La médiation entre le corps humain et le cosmos dans le rapport à l’environnement constitue un thème central dans l’ensemble des cosmologies mésoaméricaines, décliné en autant de variantes qu’il existe de groupes amérindiens au Mexique, sans doute l’anthropologue ne le souligne-t-il pas assez. Cela dit, Pierre Beaucage livre au lecteur un exposé minutieux de cette thématique, à la fois très détaillé, agréable à lecture et joliment illustré, en s’appuyant sur une connaissance intime de la langue nahuat et des catégories autochtones permettant de classer les plantes, les animaux mais aussi les maladies et leurs symptômes. À ce titre le livre n’intéressera pas seulement les spécialistes mais tout lecteur curieux de comprendre comment un peuple amérindien maintient et renouvelle un riche héritage de représentations cosmologiques et de connaissances concrètes dans un monde dominé par les rapports marchands, sans adopter pour autant les valeurs d’individualisme et d’accumulation qui vont avec. Les spécialistes pourront regretter le manque de références et de dialogue avec d’autres études portant sur le même sujet en Mésoamérique et notamment, dans la vaste région de la Sierra Madre Orientale, des groupes popolucas au sud à l’aire huastèque au nord du pourtour du golfe du Mexique. Car l’étude de Beaucage révèle de nombreuses dynamiques qui sont communes aux tensions créatrices qu’entretiennent ces peuples entre leurs savoirs sur l’environnement et la négociation de l’identité ethnique dans la modernité mondialisée.

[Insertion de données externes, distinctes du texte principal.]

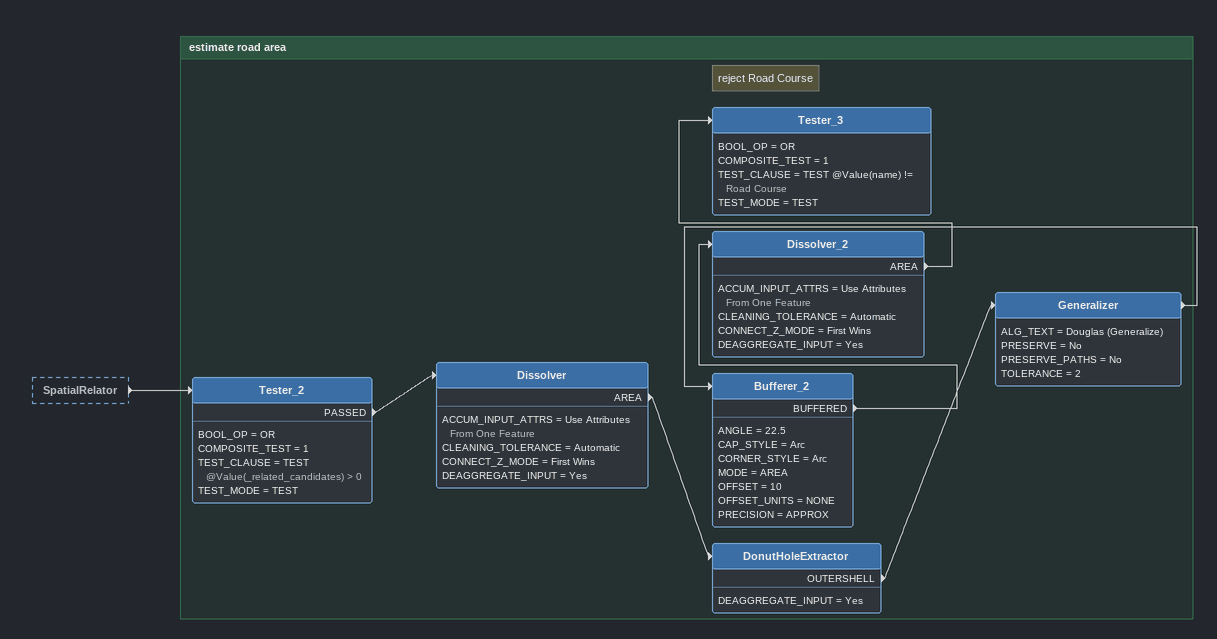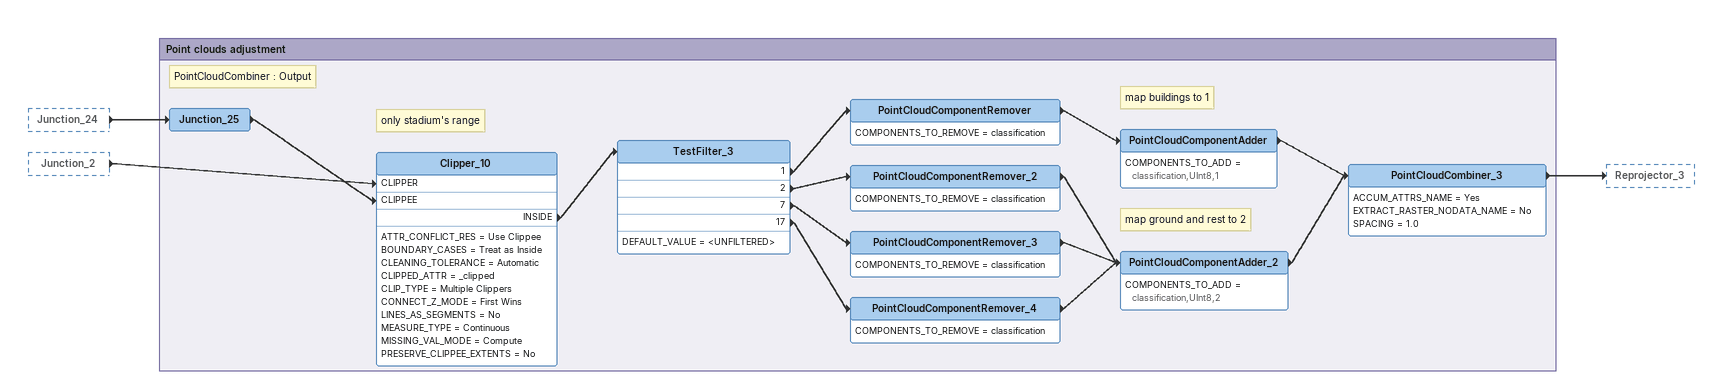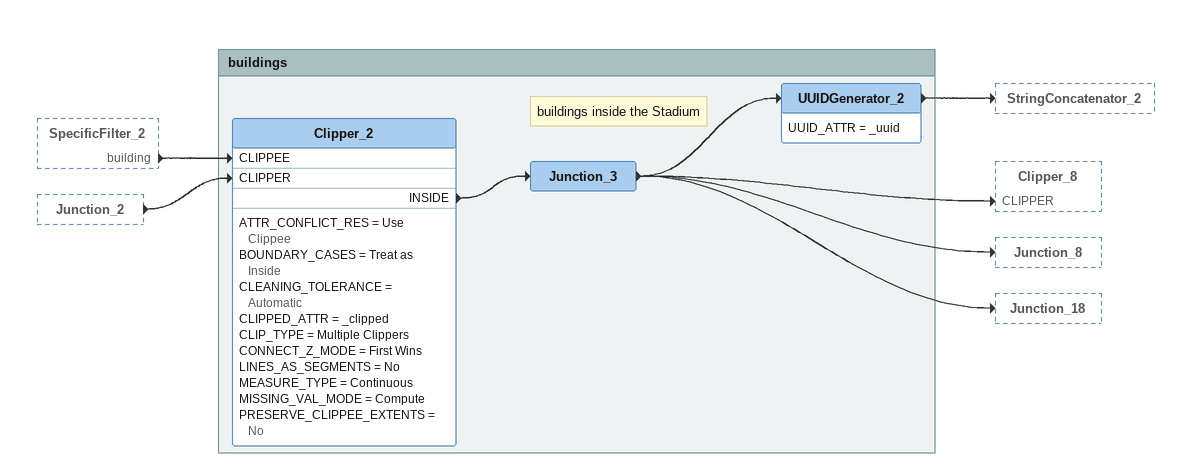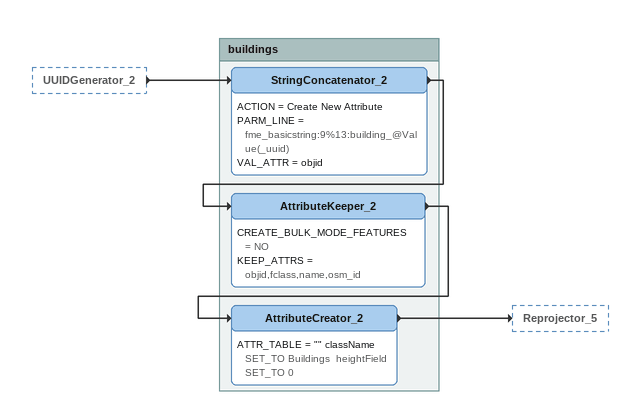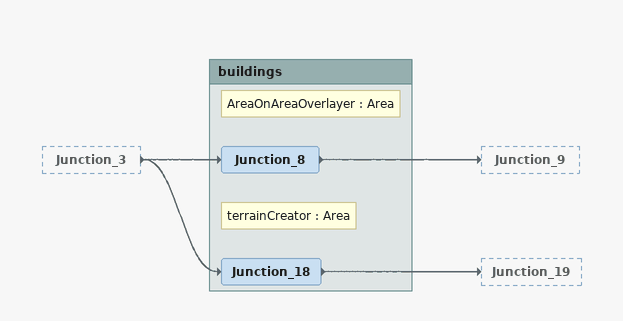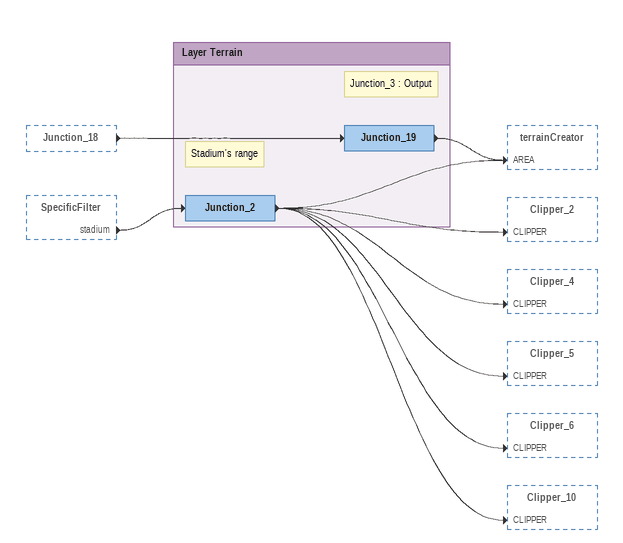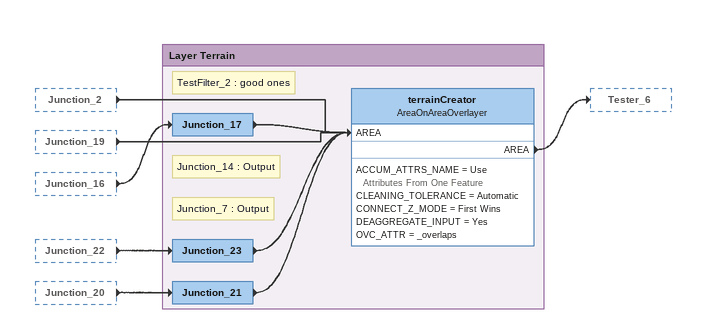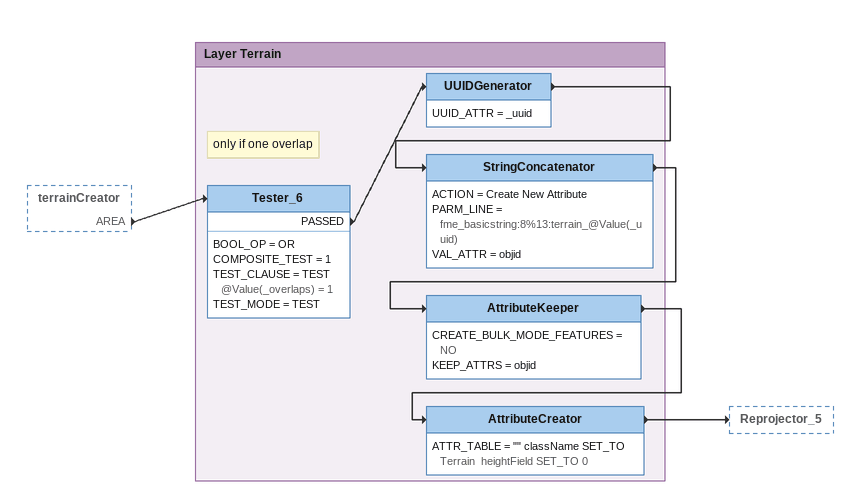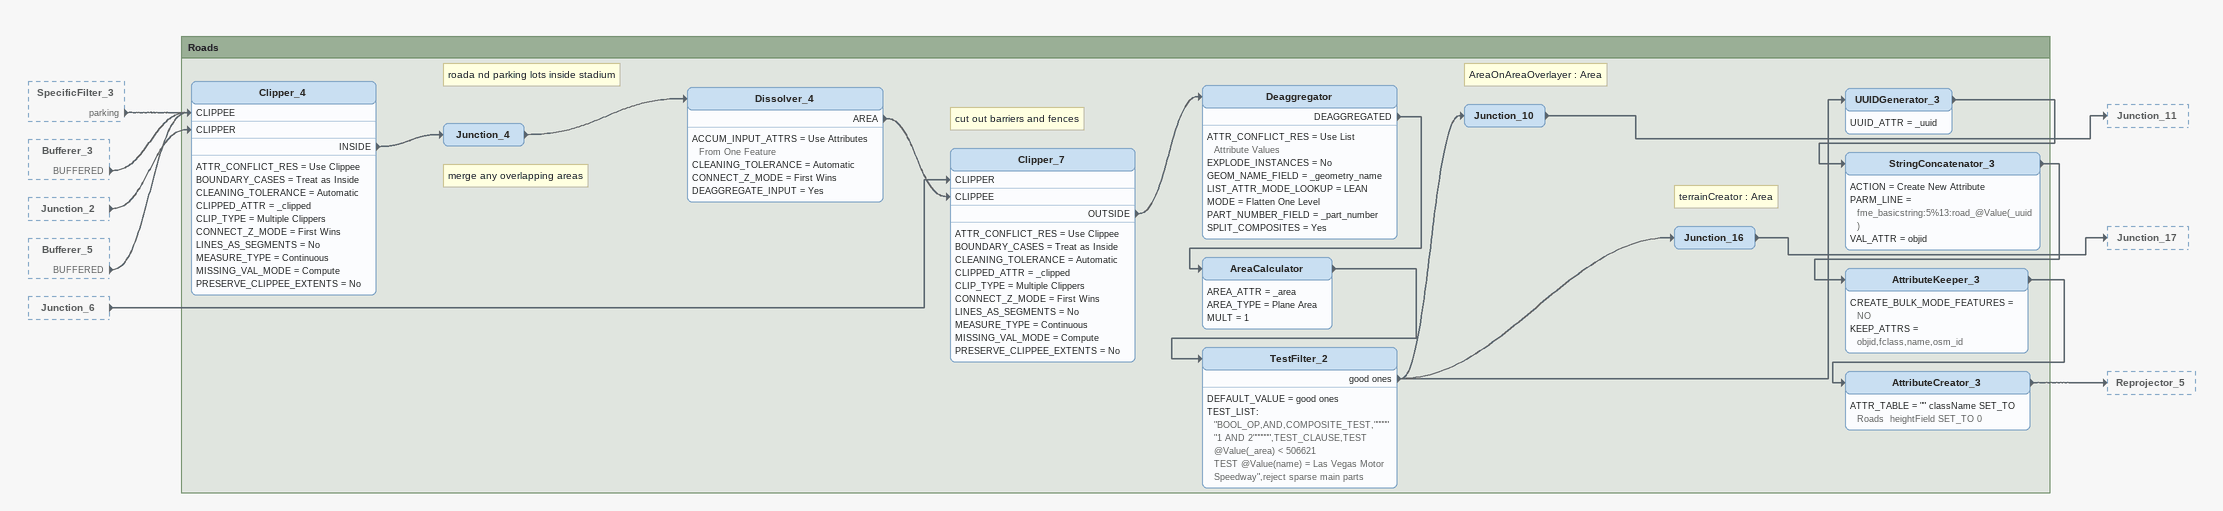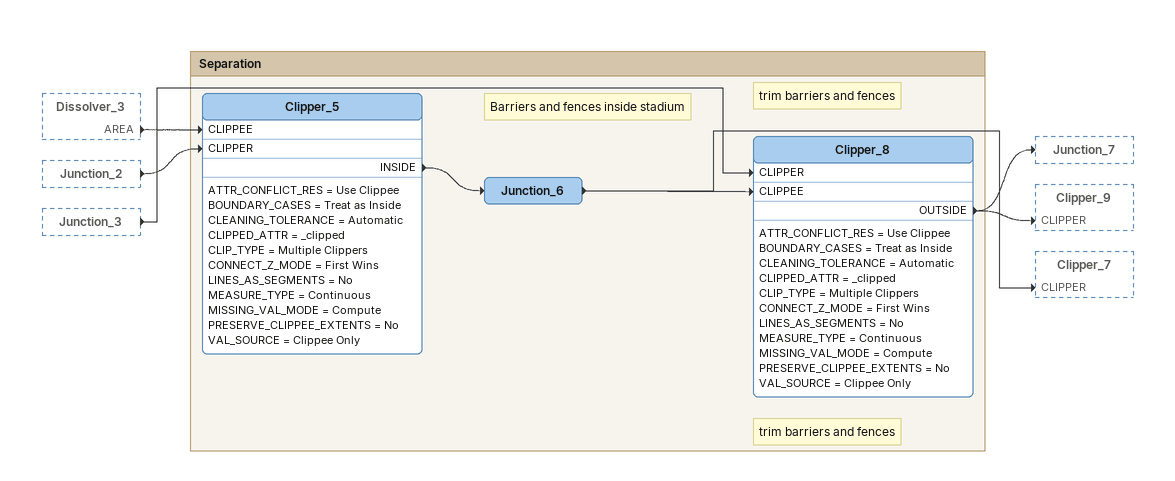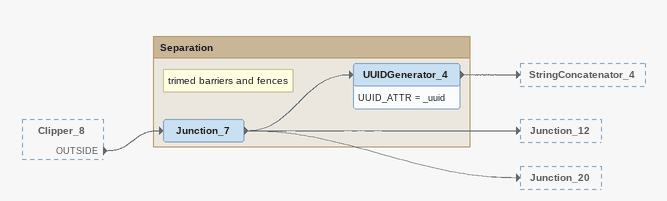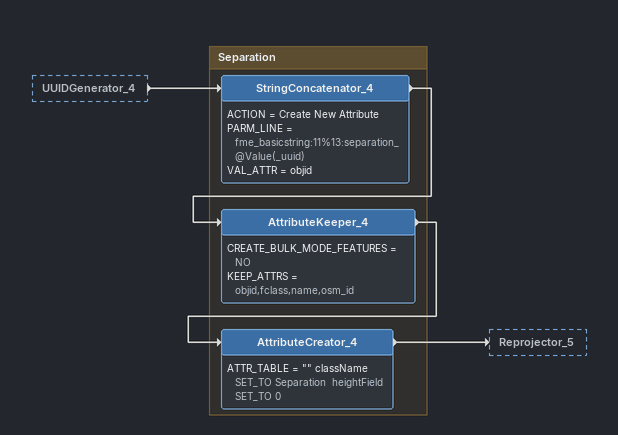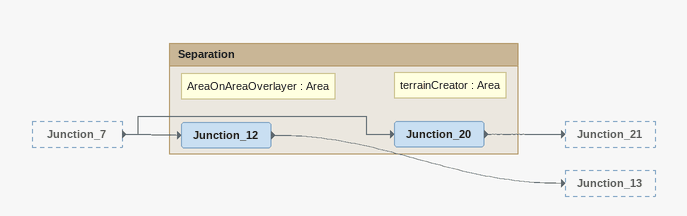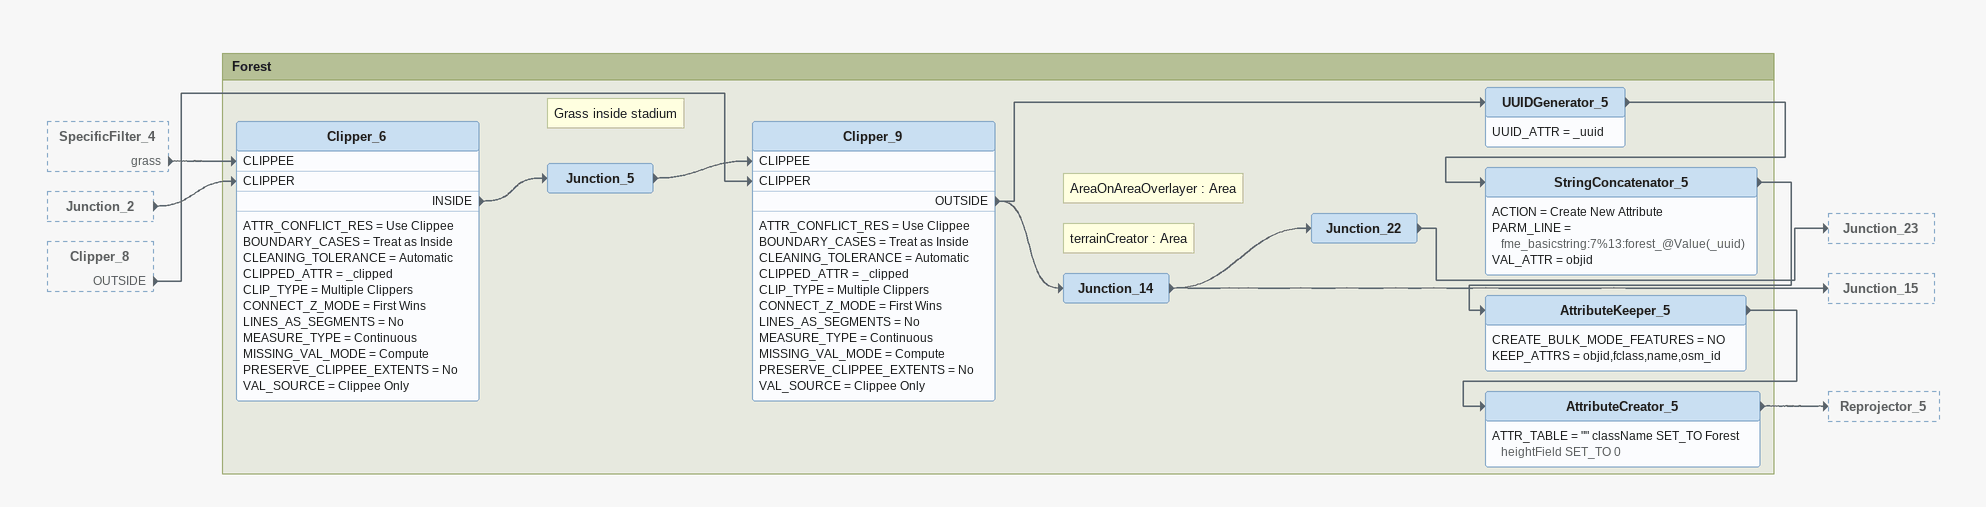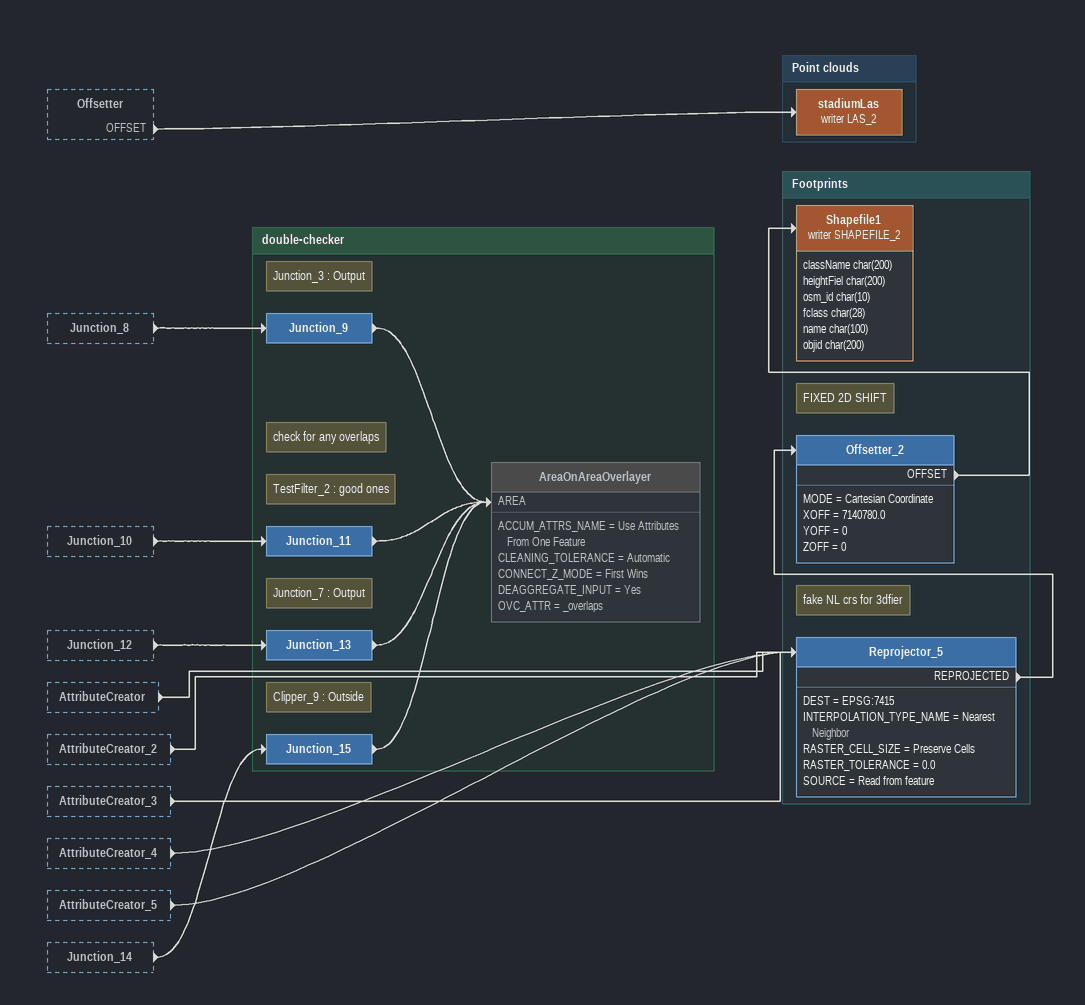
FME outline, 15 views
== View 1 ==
SpatialRelator [outside]
    -> Tester_2

Bookmark: estimate road area
Tester_2
    BOOL_OP = OR
    COMPOSITE_TEST = 1
    TEST_CLAUSE = TEST @Value(_related_candidates) > 0
    TEST_MODE = TEST
    PASSED -> Dissolver
Dissolver
    ACCUM_INPUT_ATTRS = Use Attributes From One Feature
    CLEANING_TOLERANCE = Automatic
    CONNECT_Z_MODE = First Wins
    DEAGGREGATE_INPUT = Yes
    AREA -> DonutHoleExtractor
DonutHoleExtractor
    DEAGGREGATE_INPUT = Yes
    OUTERSHELL -> Generalizer
Generalizer
    ALG_TEXT = Douglas (Generalize)
    PRESERVE = No
    PRESERVE_PATHS = No
    TOLERANCE = 2
    -> Bufferer_2
Bufferer_2
    ANGLE = 22.5
    CAP_STYLE = Arc
    CORNER_STYLE = Arc
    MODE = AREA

Enfin, au-delà de l’intérêt régional de l’ouvrage, c’est le questionnement du rapport entre l’anthropologue et la population qui l’accueille qui retiendra l’attention. L’inclusion en tant que coauteurs des membres d’un collectif d’intellectuels amérindiens avec qui Beaucage a travaillé est tout à fait louable. Mais l’auteur ne dessert-il pas son ambition de leur rendre tout leur crédit lorsqu’il revient au singulier de la première personne pour les sujets qui relèvent le plus clairement des débats intellectuels en anthropologie (les intellectuels locaux en seraient-ils implicitement exclus)? Le livre a le mérite de soulever explicitement cette question du rôle des interlocuteurs privilégiés (les « informateurs » de l’époque coloniale) dans la production des œuvres ethnographiques.